Non, en 1978, personne n’avait jamais entendu cette façon de jouer, ce niveau de saturation, ce placement rythmique incroyable. Les ados du monde entier ont écouté ‘Eruption’ en boucle, sans rien comprendre à ce qui leur arrivait. A l’époque, Internet bien sûr n’existait pas. En France, un apprenti guitariste avait le choix entre apprendre seul avec "la méthode à Dadi" ou essayer de trouver un prof avec l’assurance de devoir se farcir les premières mesures de ‘Jeux Interdits’ pendant des mois. Et en l’espace d’une minute et 42 secondes, Eddie envoyait valser tous les codes, retournait le cœur et le cerveau des guitaristes du monde entier qui en firent immédiatement leur modèle et leur principale inspiration, et emmenait dans son tourbillon tous les apprentis guitaristes qui s’exclamèrent en cœur : « c’est ça que je veux faire ! ». En une minute et 42 secondes, Eddie entrait dans l’histoire, pour toujours.
Eddie était un chercheur de son, un explorateur de la guitare, un artiste passionné jusqu’à l’obsession par son instrument et par les possibilités musicales infinies qu’il offre. Certes il n’a pas inventé le tapping. Certains jazzmen l’utilisaient déjà depuis longtemps et, dans le rock progressif, Steve Hackett utilisait déjà cette technique depuis 1971 et le titre ‘The Return Of The Giant Hogweed’ sur l’album "Nursery Crime". Mais à ce niveau de saturation, avec la maîtrise et le contrôle du son qu’il nécessite, personne avant Eddie n’en avait jamais exploré toutes les possibilités. ‘Eruption’ a réellement changé à jamais la face du rock et a continué pendant des dizaines d’années à inspirer des musiciens de tout style, jusqu’à Daft Punk et son ‘Aerodynamic’.
Eddie était un artisan, toujours en train de bidouiller un ampli ou de modifier une guitare. Il a été le premier à populariser les micros à double bobinage (les fameux humbuckers) sur des guitares de forme Stratocaster. A l’époque, les humbuckers, c’était Gibson, point barre. Fender, Charvel et Music Man n’ont pas tardé à collaborer avec lui pour développer de nouveaux instruments qui aujourd’hui sont devenus la norme. Il a été le premier à populariser le vibrato flottant (le fameux Floyd Rose). Toutes les générations de shredders qui suivirent firent installer ces vibratos sur leurs guitares. Il a été le premier à populariser le phaser et le flanger, ces effets de modulation responsables du fameux son de Van Halen, ce son organique qui envahit tout l’espace et vous prend aux tripes, comme sur le titre ‘Unchained’.
Et Eddie, c’était aussi une machine à riffs, un compositeur exceptionnel obsédé par le groove et l’efficacité.
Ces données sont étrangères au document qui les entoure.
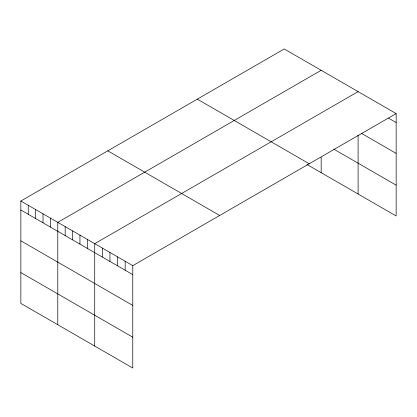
<?xml version="1.0" encoding="UTF-8"?>
<svg xmlns="http://www.w3.org/2000/svg" width="417" height="417" viewBox="0 0 417 417"><rect width="100%" height="100%" fill="white"/><g stroke="black" fill="none" stroke-linecap="round" stroke-linejoin="round"><path stroke-width="0.63" d="M396.15 113.586L132.773 265.645L132.773 368.034L20.85 303.414L20.85 201.025L284.227 48.966L396.15 113.586L396.15 215.975L306.912 164.454M321.163 70.291L57.786 222.35L57.786 324.739M358.094 91.615L94.722 243.674L94.722 346.063M388.54 118.162L396.15 122.556M361.357 133.299L396.15 153.383M333.824 149.161L396.15 185.148M197.314 99.147L309.237 163.766M107.763 150.845L219.686 215.464M20.85 201.025L132.773 265.645M20.85 209.996L132.773 274.615M20.85 240.823L132.773 305.442M20.85 272.588L132.773 337.207M358.094 135.077L358.094 194.004M321.163 157.266L321.163 172.68M125.163 261.25L125.163 270.221M117.552 256.856L117.552 265.827M109.942 252.462L109.942 261.433M102.332 248.068L102.332 257.039M87.335 239.41L87.335 248.381M79.944 235.146L79.944 244.117M72.558 230.882L72.558 239.848M65.172 226.613L65.172 235.584M50.4 218.086L50.4 227.056M43.014 213.822L43.014 222.793M35.622 209.558L35.622 218.524M28.236 205.289L28.236 214.26"/></g></svg>
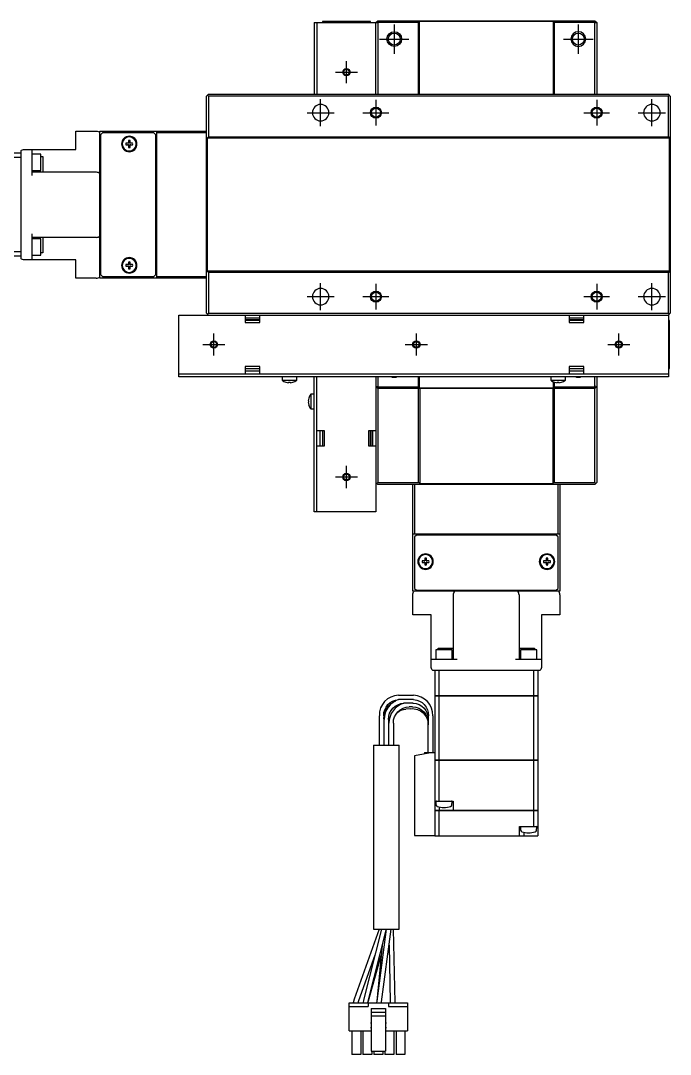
# Model space of a CAD drawing. Extents: x 0 to 816, y -8 to 467.
# Drawn here: x 639.3 to 815.8, y 92.7 to 373.6 of the extents above; entities that cross this region are included whole.
import ezdxf

# ---------------------------------------------------------------- set-up
doc = ezdxf.new("R2010")
doc.units = 0
doc.header["$LTSCALE"] = 0.5
doc.linetypes.add('CENTER', pattern=[50.8, 31.75, -6.35, 6.35, -6.35])
for name, color, linetype in [('MSM_CENTER', 1, 'CENTER'), ('MSM_CONTINUOUS', 7, 'CONTINUOUS'), ('MSM_NARROW', 5, 'CONTINUOUS')]:
    doc.layers.add(name, color=color, linetype=linetype)

msp = doc.modelspace()

# ---------------------------------------------------------------- linework, layer by layer
at = {"layer": 'MSM_CENTER'}
for p, q in [((740.79, 372.56), (740.79, 364.56)), ((790.79, 372.56), (790.79, 364.56)), ((736.79, 368.56), (744.79, 368.56)), ((786.79, 368.56), (794.79, 368.56)), ((727.79, 356.56), (727.79, 362.56)), ((724.79, 359.56), (730.79, 359.56)), ((720.79, 344.86), (720.79, 352.26)), ((735.79, 352.06), (735.79, 345.06)), ((795.79, 352.06), (795.79, 345.06)), ((810.79, 344.86), (810.79, 352.26)), ((717.09, 348.56), (724.49, 348.56)), ((732.29, 348.56), (739.29, 348.56)), ((792.29, 348.56), (799.29, 348.56)), ((807.09, 348.56), (814.49, 348.56)), ((720.79, 294.86), (720.79, 302.26)), ((735.79, 302.06), (735.79, 295.06)), ((795.79, 302.06), (795.79, 295.06)), ((810.79, 294.86), (810.79, 302.26)), ((717.09, 298.56), (724.49, 298.56)), ((732.29, 298.56), (739.29, 298.56)), ((792.29, 298.56), (799.29, 298.56)), ((807.09, 298.56), (814.49, 298.56)), ((691.79, 282.56), (691.79, 288.56)), ((746.79, 282.56), (746.79, 288.56)), ((801.79, 282.56), (801.79, 288.56)), ((688.79, 285.56), (694.79, 285.56)), ((743.79, 285.56), (749.79, 285.56)), ((798.79, 285.56), (804.79, 285.56)), ((727.79, 246.56), (727.79, 252.56)), ((724.79, 249.56), (730.79, 249.56))]:
    msp.add_line(p, q, dxfattribs=at)
at = {"layer": 'MSM_CONTINUOUS'}
for p, q in [((718.99, 373.06), (735.79, 373.06)), ((718.99, 373.06), (718.99, 353.56)), ((719.79, 373.06), (719.79, 353.56)), ((721.29, 373.36), (721.29, 373.06)), ((734.29, 373.36), (721.29, 373.36)), ((734.29, 373.06), (734.29, 373.36)), ((735.79, 373.06), (736.29, 373.56)), ((735.79, 353.56), (735.79, 373.06)), ((736.29, 372.85), (735.79, 373.06)), ((736.5, 373.06), (736.29, 373.56)), ((736.29, 373.56), (795.29, 373.56)), ((736.5, 373.06), (736.29, 372.85)), ((736.29, 372.85), (736.29, 353.56)), ((747.34, 373.06), (736.5, 373.06)), ((747.34, 373.06), (747.64, 373.36)), ((747.34, 353.56), (747.34, 373.06)), ((783.94, 373.36), (747.64, 373.36)), ((747.64, 353.56), (747.64, 373.36)), ((783.94, 373.36), (783.94, 353.56)), ((783.94, 373.36), (784.24, 373.06)), ((784.24, 373.06), (784.24, 353.56)), ((795.08, 373.06), (784.24, 373.06)), ((795.29, 373.56), (795.08, 373.06)), ((795.29, 372.85), (795.08, 373.06)), ((795.29, 373.56), (795.79, 373.06)), ((795.79, 373.06), (795.29, 372.85)), ((795.29, 353.56), (795.29, 372.85)), ((795.79, 373.06), (795.79, 353.56)), ((690.29, 353.56), (689.79, 353.06)), ((689.79, 294.06), (689.79, 353.06)), ((690.04, 353.31), (690.29, 353.06)), ((690.29, 353.56), (815.29, 353.56)), ((690.29, 353.06), (690.29, 341.96)), ((815.29, 353.06), (690.29, 353.06)), ((815.79, 353.06), (815.29, 353.56)), ((815.29, 353.06), (815.54, 353.31)), ((815.29, 341.96), (815.29, 353.06)), ((815.79, 353.06), (815.79, 294.06)), ((654.29, 338.56), (654.29, 343.56)), ((654.29, 343.56), (659.79, 343.56)), ((660.79, 303.56), (660.79, 343.56)), ((660.79, 343.56), (689.79, 343.56)), ((661.49, 343.06), (660.99, 342.56)), ((675.49, 343.06), (661.49, 343.06)), ((675.99, 342.56), (675.49, 343.06)), ((676.29, 303.56), (676.29, 343.56)), ((689.79, 343.06), (676.29, 343.06)), ((660.99, 342.56), (660.99, 304.56)), ((668.55, 340.3), (667.87, 340.3)), ((668.55, 340.98), (668.55, 340.3)), ((669.03, 340.3), (669.03, 340.98)), ((669.71, 340.3), (669.03, 340.3)), ((675.99, 304.56), (675.99, 342.56)), ((689.99, 341.66), (690.29, 341.96)), ((689.99, 341.66), (689.99, 305.46)), ((815.59, 341.66), (689.99, 341.66)), ((690.29, 341.96), (815.29, 341.96)), ((815.29, 341.96), (815.59, 341.66)), ((815.59, 305.46), (815.59, 341.66)), ((639.29, 337.56), (632.3, 337.56)), ((639.29, 338.18), (639.29, 308.94)), ((640.29, 338.56), (654.29, 338.56)), ((642.29, 338.56), (642.29, 331.46)), ((644.79, 337.31), (642.29, 337.31)), ((644.79, 332.81), (644.79, 337.31)), ((660.99, 337.81), (660.79, 337.81)), ((667.87, 339.82), (668.55, 339.82)), ((668.55, 339.82), (668.55, 339.14)), ((669.03, 339.14), (669.03, 339.82)), ((669.03, 339.82), (669.71, 339.82)), ((676.29, 337.81), (675.99, 337.81)), ((676.29, 337.31), (675.99, 337.31)), ((639.29, 336.41), (632.3, 336.41)), ((644.79, 336.64), (645.29, 336.64)), ((645.29, 336.64), (645.29, 332.46)), ((642.29, 332.81), (644.79, 332.81)), ((642.29, 332.46), (659.79, 332.46)), ((660.99, 333.56), (660.79, 333.56)), ((660.99, 332.56), (660.79, 332.56)), ((675.99, 331.81), (676.29, 331.81)), ((660.99, 331.06), (660.79, 331.06)), ((676.09, 328.56), (675.99, 328.56)), ((676.09, 318.56), (676.09, 328.56)), ((676.29, 328.36), (676.09, 328.56)), ((675.99, 318.56), (676.09, 318.56)), ((676.09, 318.56), (676.29, 318.76)), ((642.29, 315.66), (642.29, 308.56)), ((659.79, 314.66), (642.29, 314.66)), ((645.29, 314.66), (645.29, 310.48)), ((660.79, 316.06), (660.99, 316.06)), ((676.29, 315.31), (675.99, 315.31)), ((644.79, 314.31), (642.29, 314.31)), ((644.79, 309.81), (644.79, 314.31)), ((660.99, 314.56), (660.79, 314.56)), ((660.79, 313.56), (660.99, 313.56)), ((639.29, 310.72), (632.3, 310.72)), ((639.29, 309.56), (632.3, 309.56)), ((642.29, 309.81), (644.79, 309.81)), ((645.29, 310.48), (644.79, 310.48)), ((660.79, 309.31), (660.99, 309.31)), ((675.99, 309.81), (676.29, 309.81)), ((675.99, 309.31), (676.29, 309.31)), ((654.29, 308.56), (640.29, 308.56)), ((654.29, 303.56), (654.29, 308.56)), ((668.55, 307.3), (667.87, 307.3)), ((667.87, 306.82), (668.55, 306.82)), ((668.55, 307.98), (668.55, 307.3)), ((668.55, 306.82), (668.55, 306.14)), ((669.03, 307.3), (669.03, 307.98)), ((669.71, 307.3), (669.03, 307.3)), ((669.03, 306.14), (669.03, 306.82)), ((669.03, 306.82), (669.71, 306.82)), ((659.79, 303.56), (654.29, 303.56)), ((689.79, 303.56), (660.79, 303.56)), ((660.99, 304.56), (661.49, 304.06)), ((661.49, 304.06), (675.49, 304.06)), ((675.49, 304.06), (675.99, 304.56)), ((676.29, 304.06), (689.79, 304.06)), ((690.29, 305.16), (689.99, 305.46)), ((815.59, 305.46), (689.99, 305.46)), ((690.29, 305.16), (690.29, 294.06)), ((815.29, 305.16), (690.29, 305.16)), ((815.59, 305.46), (815.29, 305.16)), ((815.29, 294.06), (815.29, 305.16)), ((682.29, 276.76), (682.29, 293.56)), ((682.29, 293.56), (815.29, 293.56)), ((689.79, 294.06), (690.29, 293.56)), ((690.29, 294.06), (690.04, 293.81)), ((690.29, 294.06), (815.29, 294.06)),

Car outre sa technique hors du commun, le succès de Van Halen repose aussi sur l’accessibilité des morceaux, sur des titres courts et fun aux riffs percutants et aux solos brefs et incisifs. Inutile de les lister ici, vous les connaissez tous. Et si ce n’est pas le cas, vous pouvez retrouver les chroniques de tous les albums de Van Halen sur Music Waves. Même sur les albums les moins connus du groupe, même sur les albums les moins réussis, le style d’Eddie reste unique et immédiatement reconnaissable. C’est d’abord ça, la marque des plus grands.
Oui Eddie a changé à jamais l’histoire du rock et la façon de jouer de la guitare électrique. C’est presque un lieu commun de le dire. Si le groupe Van Halen est le symbole du hard rock US des années quatre-vingt, l’influence du guitariste Eddie Van Halen va bien au-delà d’une seule décennie. Il restera tout simplement comme l’un des guitaristes les plus influents et les plus respectés de l’histoire de la guitare.
Décidément 2020 nous aura tout fait. Quelle tristesse.